Feature Requests Roadmap

Dustin Sallings edited this page Sep 26, 2012 · 2 revisions

(this is derived from an email exchange between two contributors)

In no particular order:

Ability to define aggregation pattern that can be saved as schema in the database

Use case

I know my typical aggregation pattern, so I define it ONCE in/as the database schema.

Later, when I will live query data or use deferred data processing, I can use the already saved aggregation pattern.

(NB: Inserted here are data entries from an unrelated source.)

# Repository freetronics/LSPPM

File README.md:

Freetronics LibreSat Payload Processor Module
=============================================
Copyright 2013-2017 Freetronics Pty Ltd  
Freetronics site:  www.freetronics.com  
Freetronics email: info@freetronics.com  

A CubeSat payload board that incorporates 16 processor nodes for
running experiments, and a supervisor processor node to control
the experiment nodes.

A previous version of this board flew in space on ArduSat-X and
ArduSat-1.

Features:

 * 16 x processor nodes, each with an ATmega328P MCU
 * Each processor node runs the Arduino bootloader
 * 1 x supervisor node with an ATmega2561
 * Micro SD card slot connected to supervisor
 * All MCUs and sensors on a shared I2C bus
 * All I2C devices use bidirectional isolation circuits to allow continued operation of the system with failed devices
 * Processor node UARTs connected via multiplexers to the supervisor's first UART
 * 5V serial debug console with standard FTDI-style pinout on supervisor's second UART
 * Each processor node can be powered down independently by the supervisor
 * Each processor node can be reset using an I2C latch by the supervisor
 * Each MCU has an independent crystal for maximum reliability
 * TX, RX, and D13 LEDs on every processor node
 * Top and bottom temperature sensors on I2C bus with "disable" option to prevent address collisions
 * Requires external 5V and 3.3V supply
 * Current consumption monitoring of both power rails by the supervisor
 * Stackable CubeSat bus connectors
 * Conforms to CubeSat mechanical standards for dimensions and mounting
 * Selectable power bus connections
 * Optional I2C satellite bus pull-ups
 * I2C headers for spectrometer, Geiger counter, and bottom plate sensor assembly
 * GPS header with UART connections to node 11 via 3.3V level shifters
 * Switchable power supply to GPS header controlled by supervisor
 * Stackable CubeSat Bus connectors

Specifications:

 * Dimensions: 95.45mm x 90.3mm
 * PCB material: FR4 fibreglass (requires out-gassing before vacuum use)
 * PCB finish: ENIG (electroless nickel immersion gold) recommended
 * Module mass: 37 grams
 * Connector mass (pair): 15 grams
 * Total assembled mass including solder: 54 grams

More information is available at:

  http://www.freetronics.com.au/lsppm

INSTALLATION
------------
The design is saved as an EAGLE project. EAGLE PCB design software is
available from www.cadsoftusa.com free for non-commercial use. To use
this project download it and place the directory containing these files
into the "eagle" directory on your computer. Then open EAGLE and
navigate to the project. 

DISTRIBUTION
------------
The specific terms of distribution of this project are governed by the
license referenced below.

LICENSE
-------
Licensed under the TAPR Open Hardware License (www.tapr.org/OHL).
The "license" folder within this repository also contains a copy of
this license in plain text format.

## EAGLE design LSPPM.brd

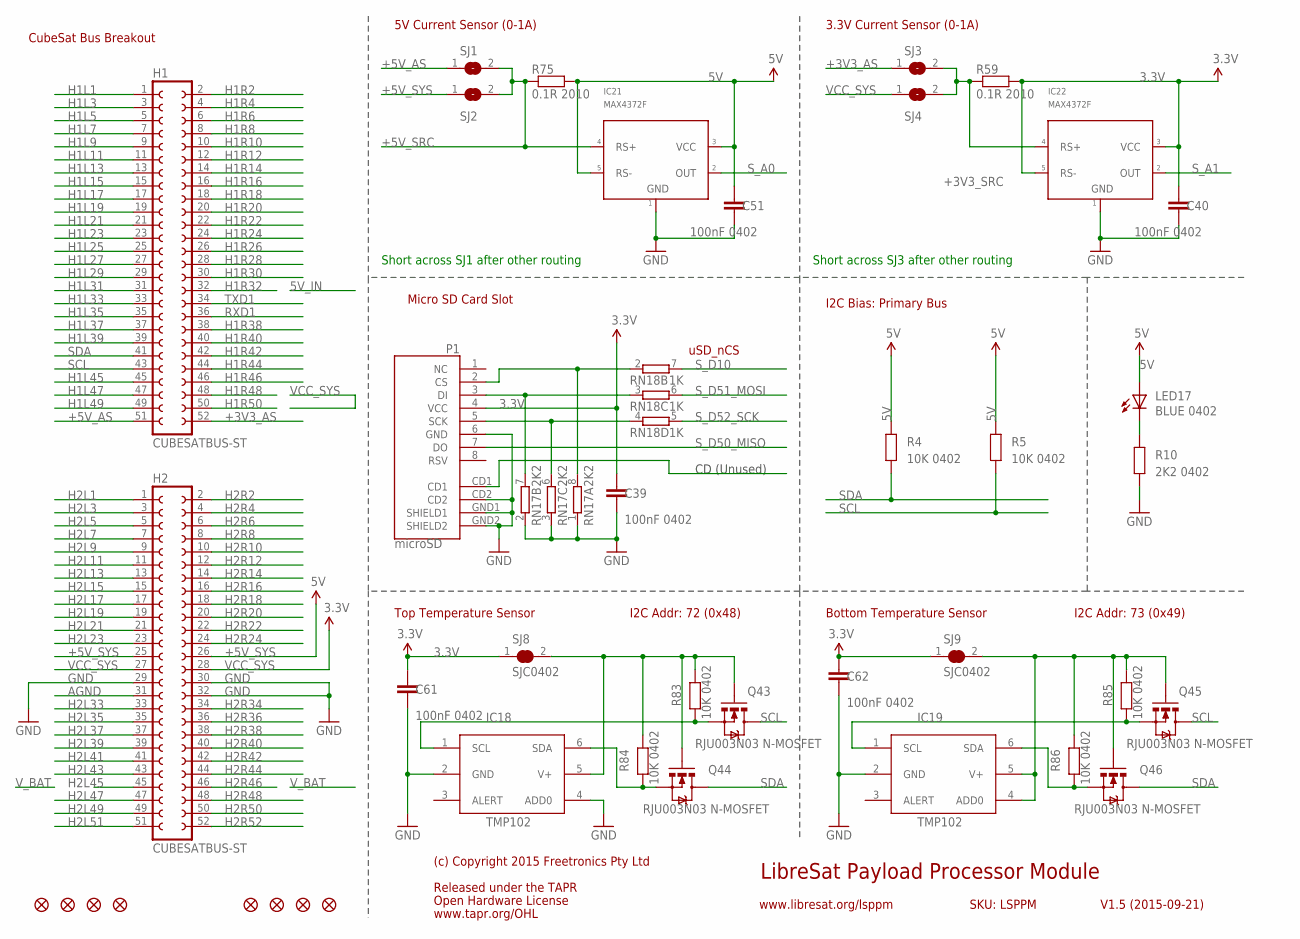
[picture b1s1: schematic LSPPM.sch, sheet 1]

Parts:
C39, C40, C51, C61, C62: 100nF 0402; C0402
FID1, FID2, FID3, FID4, FID5, FID6, FID7, FID8: FIDUCIAL1X2.5; FIDUCIAL-1X2.5
H1, H2: CUBESATBUS-ST
IC18, IC19: TMP102; SOT563
IC21, IC22: MAX4372F; SOT23-5
LED17: BLUE 0402; LED-0402
P1: microSD; MICRO-SD-SOCKET-PP
Q43, Q44, Q45, Q46: RJU003N03 N-MOSFET; SOT32-3
R4, R5, R83, R84, R85, R86: 10K 0402; R0402
R10: 2K2 0402; R0402
R59, R75: 0.1R 2010; R2010
RN17: 2K2; CAY16
RN18: 1K; CAY16
SJ1, SJ2, SJ3, SJ4: SJ
SJ8, SJ9: SJC0402; 0402SJC

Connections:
3.3V: C39.1, C40.1, C61.1, C62.1, IC22.3 (VCC), IC22.5 (RS-), P1.4 (VCC), R59.2, SJ8.1, SJ9.1; also elsewhere on the board
5V: C51.1, IC21.3 (VCC), IC21.5 (RS-), LED17.A, R4.2, R5.2, R75.2; also elsewhere on the board
+3V3_AS: H1.52, SJ3.1
+3V3_SRC: IC22.4 (RS+), R59.1, SJ3.2, SJ4.2
+5V_AS: H1.51, SJ1.1
+5V_SRC: IC21.4 (RS+), R75.1, SJ1.2, SJ2.2; also elsewhere on the board
+5V_SYS: H2.25, H2.26, SJ2.1
AGND: H2.31
GND: C39.2, C40.2, C51.2, C61.2, C62.2, H2.29, H2.30, H2.32, IC18.2 (GND), IC18.4 (ADD0), IC19.2 (GND), IC21.1 (GND), IC22.1 (GND), P1.6 (GND), P1.CD2, P1.GND1 (SHIELD1), P1.GND2 (SHIELD2), R10.1, RN17.1, RN17.2 (1), RN17.3 (1); also elsewhere on the board
H1L1: H1.1
H1L3: H1.3
H1L5: H1.5
H1L7: H1.7
H1L9: H1.9
H1L11: H1.11
H1L13: H1.13
H1L15: H1.15
H1L17: H1.17
H1L19: H1.19
H1L21: H1.21
H1L23: H1.23
H1L25: H1.25
H1L27: H1.27
H1L29: H1.29
H1L31: H1.31
H1L33: H1.33
H1L35: H1.35
H1L37: H1.37
H1L39: H1.39
H1L45: H1.45
H1L47: H1.47
H1L49: H1.49
H1R2: H1.2
H1R4: H1.4
H1R6: H1.6
H1R8: H1.8
H1R10: H1.10
H1R12: H1.12
H1R14: H1.14
H1R16: H1.16
H1R18: H1.18
H1R20: H1.20
H1R22: H1.22
H1R24: H1.24
H1R26: H1.26
H1R28: H1.28
H1R30: H1.30
H1R32: H1.32
H1R38: H1.38
H1R40: H1.40
H1R42: H1.42
H1R44: H1.44
H1R46: H1.46
H1R48: H1.48
H1R50: H1.50
H2L1: H2.1
H2L3: H2.3
H2L5: H2.5
H2L7: H2.7
H2L9: H2.9
H2L11: H2.11
H2L13: H2.13
H2L15: H2.15
H2L17: H2.17
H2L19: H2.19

This feature shall faciliate ease of use and save time.

Comment

I've thought about this one for sure. It's actually possible to do externally already, just not very magically. I'll learn more when I get more internal people pushing it.

Deferred data processing

Use case

When dataset [input to data processing tasks] is too big, i.e. live queries become "unresponsive" or when most of reporting/analytics tasks are done with aggregated data

Idea

Use smth like stored procedures for aggregation/map/reduce/pipes [Mongo 2.2].

Example

I collect events from application servers. For my reporting purposes I do not need raw data, but I need the data to be aggregated with 5 min, 15 min, 1 hr, 12 hrs and 24 hrs intervals. I do not need aggregated data in real-time. And there are 20 people like me, who hammer the aggregated data. I/application define rules for data aggregation/pipes/etc and schedule when it shall be run [e.g. at night], i.e. I schedule a batch processing task, which aggregates data according to the already defined db schema and saves the results into the database. When I need to query data later on, I can use already pre-computed data instead of live query each time.

Comment

I could probably prioritize the query/doc processing and get most of this out of the way, or something like what I've been thinking about for #4.

Availability

Idea

Add master-slave(s) replication and automatic failover. This shall facilitate ease of use, reduction of maintenance and user adoption.

Comment

I've been tempted to add replication -- not because I need it, but because it's just really easy. master-slave is completely trivial. master-master isn't hard, but requires a tiny bit of state to be tracked I don't have an easy way to do yet. It'd be worth it just for fun.

Sharding data automatically and/or easily across available nodes

Comment

I have a lot of infrastructure for this. To be efficient, I need something like _all_docs that doesn't include the values and/or something like get that evaluates jsonpointer. Then you could pretty well round-robin your writes and have a front-end that does this last-step work. Harvest the range from all nodes concurrently while collating the keys. Once you find a boundary from every node, you have a fully defined chunk and can start doing reductions on it. A slightly harder, but more efficient integration is to have two-phase reduction and let the leaves do a bunch of the work while the central thing just does collation. You wouldn't be able to stream results in that scenario, though.

Some way to ensure that data is never lost

Ability to guarantee that data was safely delivered to database and stored there.

Comment

Is this as simple as disabling DELETE and PUT (where a document doesn't exist)?